= Beginning of Section =
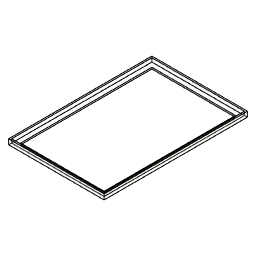
SafetyMachineCase (Autodesk Fusion 360 archive; units mm, degrees)
design "cover"
Autodesk Fusion 360 part; units mm, degrees
(part 1 of 2)
sketch "スケッチ1" plane through (0, 0, 0) normal (0, 0, 1) x (1, 0, 0)
  line L0 (31, 47) -> (-31, 47)
  line L1 (-31, 47) -> (-31, -47)
  line L2 (-31, -47) -> (31, -47)
  line L3 (31, -47) -> (31, 47)
  line L4 (31, 47) -> (-31, -47) construction
  line L5 (-31, 47) -> (31, -47) construction
  line L6 (-32, 48) -> (-32, -48)
  line L7 (-32, -48) -> (32, -48)
  line L8 (32, -48) -> (32, 48)
  line L9 (32, 48) -> (-32, 48)
  line L10 (-28, 44) -> (-28, -44)
  line L11 (-28, -44) -> (28, -44)
  line L12 (28, -44) -> (28, 44)
  line L13 (28, 44) -> (-28, 44)
  dimension "d1" = 62
  dimension "d2" = 94
  dimension "d3" = 1
  dimension "d4" = -3
  constraint horizontal L0
  constraint perpendicular L0 L1
  constraint parallel L0 L2
  constraint parallel L1 L3
  constraint coincident L4 origin
  constraint coincident L5 origin
  measures "d1" distance of L0.start L0.end
  measures "d2" distance of L0.start L2.end
extrude "押し出し1" add sketch "スケッチ1" along normal blind 2.5 contours L6 L7 L8 L9
extrude "押し出し2" add sketch "スケッチ1" against normal blind 1 contours L0 L1 L2 L3 | L6 L7 L8 L9

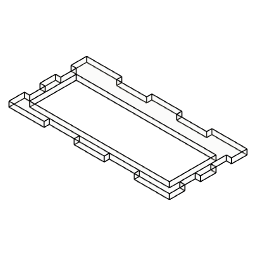
design "migisokumen"
Autodesk Fusion 360 part; units mm, degrees
sketch "スケッチ1" plane through (0, 0, 0) normal (0, 0, 1) x (1, 0, 0)
  line L0 (31, 15) -> (-31, 15)
  line L1 (-31, 15) -> (-31, -15)
  line L2 (-31, -15) -> (31, -15)
  line L3 (31, -15) -> (31, 15)
  line L4 (31, 15) -> (-31, -15) construction
  line L5 (-31, 15) -> (31, -15) construction
  dimension "d1" = 62
  dimension "d2" = 30
  constraint horizontal L0
  constraint perpendicular L0 L1
  constraint parallel L0 L2
  constraint parallel L1 L3
  constraint coincident L4 origin
  constraint coincident L5 origin
  measures "d1" distance of L0.start L0.end
  measures "d2" distance of L0.end L1.end
extrude "押し出し1" add sketch "スケッチ1" along normal blind 2
sketch "スケッチ2" plane through (0, 0, 0) normal (0, 0, 1) x (1, 0, 0)
  line L0 (31, 9) -> (29, 9)
  line L1 (29, 9) -> (29, 3)
  line L2 (29, 3) -> (31, 3)
  line L3 (31, 3) -> (31, 9)
  line L4 (31, -15) -> (31, 15)
  line L5 (0, 0) -> (48, 0)
  line L6 (31, -3) -> (31, -9)
  line L7 (29, -3) -> (31, -3)
  line L8 (29, -9) -> (29, -3)
  line L9 (31, -9) -> (29, -9)
  line L10 (0, 0) -> (0, -25)
  line L11 (-31, 9) -> (-29, 9)
  line L12 (-31, 3) -> (-31, 9)
  line L13 (-29, -3) -> (-31, -3)
  line L14 (-31, -3) -> (-31, -9)
  line L15 (-31, -9) -> (-29, -9)
  line L16 (-29, -9) -> (-29, -3)
  line L17 (-29, 3) -> (-31, 3)
  line L18 (-29, 9) -> (-29, 3)
  dimension "d9" = 6
  dimension "d10" = 3
  dimension "d23" = 2
  constraint horizontal L0
  constraint vertical L1
  constraint horizontal L2
  constraint vertical L3
  constraint collinear L3 L4
  constraint coincident L5.start L10.start
  constraint perpendicular L4 L5
  constraint symmetric L0.start L5 L6.end
  constraint symmetric L0.end L5 L8.start
  constraint symmetric L1.end L5 L7.start
  constraint symmetric L2.end L5 L6.start
  constraint perpendicular L5 L10
  constraint symmetric L0.start L10 L11.start
  constraint symmetric L0.end L10 L11.end
  constraint symmetric L1.end L10 L17.start
  constraint symmetric L2.end L10 L12.start
  constraint symmetric L8.start L10 L15.end
  constraint symmetric L6.end L10 L14.end
  constraint symmetric L6.start L10 L13.end
  constraint symmetric L7.start L10 L13.start
  measures "d9" distance of L0.end L1.end
  measures "d10" distance of L5.start L2
  measures "d23" distance of L1 L3
extrude "押し出し2" cut sketch "スケッチ2" along normal up to surface (2 mm away)
sketch "スケッチ3" plane through (0, 0, 2) normal (0, 0, 1) x (-1, 0, 0)
  line L0 (-31, 3) -> (-31, -3)
  line L1 (-31, -15) -> (31, -15)
  line L2 (31, -15) -> (31, -9)
  line L3 (17.4, -15) -> (5.8, -15)
  line L4 (5.8, -15) -> (5.8, -13)
  line L5 (5.8, -13) -> (17.4, -13)
  line L6 (17.4, -13) -> (17.4, -15)
  line L7 (0, 0) -> (0, -10)
  line L8 (0, 0) -> (9, 0)
  line L9 (-17.4, -15) -> (-5.8, -15)
  line L10 (-5.8, -15) -> (-5.8, -13)
  line L11 (-17.4, -13) -> (-17.4, -15)
  line L12 (-5.8, -13) -> (-17.4, -13)
  line L13 (-5.8, 15) -> (-5.8, 13)
  line L14 (-17.4, 13) -> (-17.4, 15)
  line L15 (17.4, 15) -> (5.8, 15)
  line L16 (5.8, 13) -> (17.4, 13)
  line L17 (-17.4, 15) -> (-5.8, 15)
  line L18 (-5.8, 13) -> (-17.4, 13)
  line L19 (5.8, 15) -> (5.8, 13)
  line L20 (17.4, 13) -> (17.4, 15)
  line L21 (-31, 9) -> (-29, 9)
  line L22 (-29, 9) -> (-29, 3)
  line L23 (-29, 3) -> (-31, 3)
  line L24 (-31, -3) -> (-29, -3)
  line L25 (-29, -3) -> (-29, -9)
  line L26 (-29, -9) -> (-31, -9)
  line L27 (-31, -9) -> (-31, -15)
  line L28 (31, -9) -> (29, -9)
  line L29 (29, -9) -> (29, -3)
  line L30 (29, -3) -> (31, -3)
  line L31 (31, -3) -> (31, 3)
  line L32 (31, 3) -> (29, 3)
  line L33 (29, 3) -> (29, 9)
  line L34 (29, 9) -> (31, 9)
  line L35 (31, 9) -> (31, 15)
  line L36 (-31, 15) -> (-31, 9)
  dimension "d16" = 11.6
  dimension "d21" = 2
  dimension "d22" = 5.8
  constraint horizontal L3
  constraint vertical L4
  constraint horizontal L5
  constraint vertical L6
  constraint coincident L1 L3.start
  constraint coincident L7.start L8.start
  constraint parallel L4 L7
  constraint perpendicular L7 L8
  constraint symmetric L3.start L7 L9.start
  constraint symmetric L3.end L7 L9.end
  constraint symmetric L4.end L7 L10.end
  constraint symmetric L5.end L7 L11.start
  constraint symmetric L3.start L8 L15.start
  constraint symmetric L3.end L8 L15.end
  constraint symmetric L4.end L8 L16.start
  constraint symmetric L5.end L8 L16.end
  constraint symmetric L8 L9.start L14.end
  constraint symmetric L8 L9.end L13.start
  constraint symmetric L8 L11.start L14.start
  constraint symmetric L8 L10.end L13.end
  measures "d16" distance of L4.end L5.end
  measures "d21" distance of L1 L5
  measures "d22" distance of L7.start L4
extrude "押し出し3" cut sketch "スケッチ3" against normal up to surface (2 mm away)
sketch "スケッチ4" plane through (0, 0, 2) normal (0, 0, 1) x (-1, 0, 0)
  line L0 (-17.4, -15) -> (-17.4, -13)
  line L1 (-17.4, -13) -> (-5.8, -13)
  line L2 (-5.8, -13) -> (-5.8, -15)
  line L3 (-5.8, -15) -> (5.8, -15)
  line L4 (5.8, -15) -> (5.8, -13)
  line L5 (5.8, -13) -> (17.4, -13)
  line L6 (17.4, -13) -> (17.4, -15)
  line L7 (17.4, -15) -> (31, -15)
  line L8 (31, -15) -> (31, -9)
  line L9 (31, -9) -> (29, -9)
  line L10 (29, -9) -> (29, -3)
  line L11 (29, -3) -> (31, -3)
  line L12 (31, -3) -> (31, 3)
  line L13 (31, 3) -> (29, 3)
  line L14 (29, 3) -> (29, 9)
  line L15 (29, 9) -> (31, 9)
  line L16 (31, 9) -> (31, 15)
  line L17 (31, 15) -> (17.4, 15)
  line L18 (17.4, 15) -> (17.4, 13)
  line L19 (17.4, 13) -> (5.8, 13)
  line L20 (5.8, 13) -> (5.8, 15)
  line L21 (5.8, 15) -> (-5.8, 15)
  line L22 (-5.8, 15) -> (-5.8, 13)
  line L23 (-5.8, 13) -> (-17.4, 13)
  line L24 (-17.4, 13) -> (-17.4, 15)
  line L25 (-17.4, 15) -> (-31, 15)
  line L26 (-31, 15) -> (-31, 9)
  line L27 (-31, 9) -> (-29, 9)
  line L28 (-29, 9) -> (-29, 3)
  line L29 (-29, 3) -> (-31, 3)
  line L30 (-31, 3) -> (-31, -3)
  line L31 (-31, -3) -> (-29, -3)
  line L32 (-29, -3) -> (-29, -9)
  line L33 (-29, -9) -> (-31, -9)
  line L34 (-31, -9) -> (-31, -15)
  line L35 (-31, -15) -> (-17.4, -15)
  line L36 (27, 11) -> (-27, 11)
  line L37 (-27, 11) -> (-27, -7)
  line L38 (-27, -7) -> (27, -7)
  line L39 (27, -7) -> (27, 11)
  dimension "d24" = 54
  dimension "d25" = 27
  dimension "d26" = 2
  dimension "d27" = 18
  constraint horizontal L36
  constraint vertical L37
  constraint horizontal L38
  constraint vertical L39
  measures "d24" distance of L37.end L38.end
  measures "d25" distance of origin L37
  measures "d26" distance of L19 L36
  measures "d27" distance of L36.start L38.end
extrude "押し出し4" cut sketch "スケッチ4" against normal up to surface (2 mm away) contours L36 L37 L38 L39
equation "d1 = 58 mm + t * 2"
equation "d3 = t"
equation "t = 2 mm" comment "板厚"
equation "w = 11.6 mm" comment "かみ合い幅"
equation "d9 = w3"
equation "d10 = w3 / 2"
equation "w2 = 18 mm"
equation "w3 = 6 mm"
equation "d16 = w"
equation "d21 = t"
equation "d22 = w / 2"
equation "d23 = t"
equation "d25 = ( 54 / 2 ) * 1 mm"

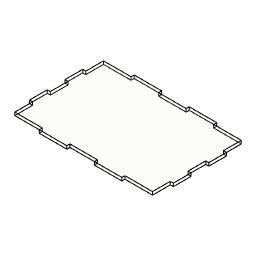
design "joumen"
Autodesk Fusion 360 part; units mm, degrees
sketch "スケッチ1" plane through (0, 0, 0) normal (0, 0, 1) x (1, 0, 0)
  line L0 (45, 29) -> (-45, 29)
  line L1 (-45, 29) -> (-45, -29)
  line L2 (-45, -29) -> (45, -29)
  line L3 (45, -29) -> (45, 29)
  line L4 (45, 29) -> (-45, -29) construction
  line L5 (-45, 29) -> (45, -29) construction
  dimension "d1" = 90
  dimension "d2" = 58
  constraint horizontal L0
  constraint perpendicular L0 L1
  constraint parallel L0 L2
  constraint parallel L1 L3
  constraint coincident L4 origin
  constraint coincident L5 origin
  measures "d1" distance of L0.start L0.end
  measures "d2" distance of L0.end L1.end
extrude "押し出し1" add sketch "スケッチ1" along normal blind 2
sketch "スケッチ2" plane through (0, 0, 0) normal (0, 0, 1) x (1, 0, 0)
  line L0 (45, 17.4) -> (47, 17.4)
= End of Section =
Your instructions >>
Copy out each line of the records above that includes "construction".

Exercise output >>
  line L4 (31, 47) -> (-31, -47) construction
  line L5 (-31, 47) -> (31, -47) construction
  line L4 (31, 15) -> (-31, -15) construction
  line L5 (-31, 15) -> (31, -15) construction
  line L4 (45, 29) -> (-45, -29) construction
  line L5 (-45, 29) -> (45, -29) construction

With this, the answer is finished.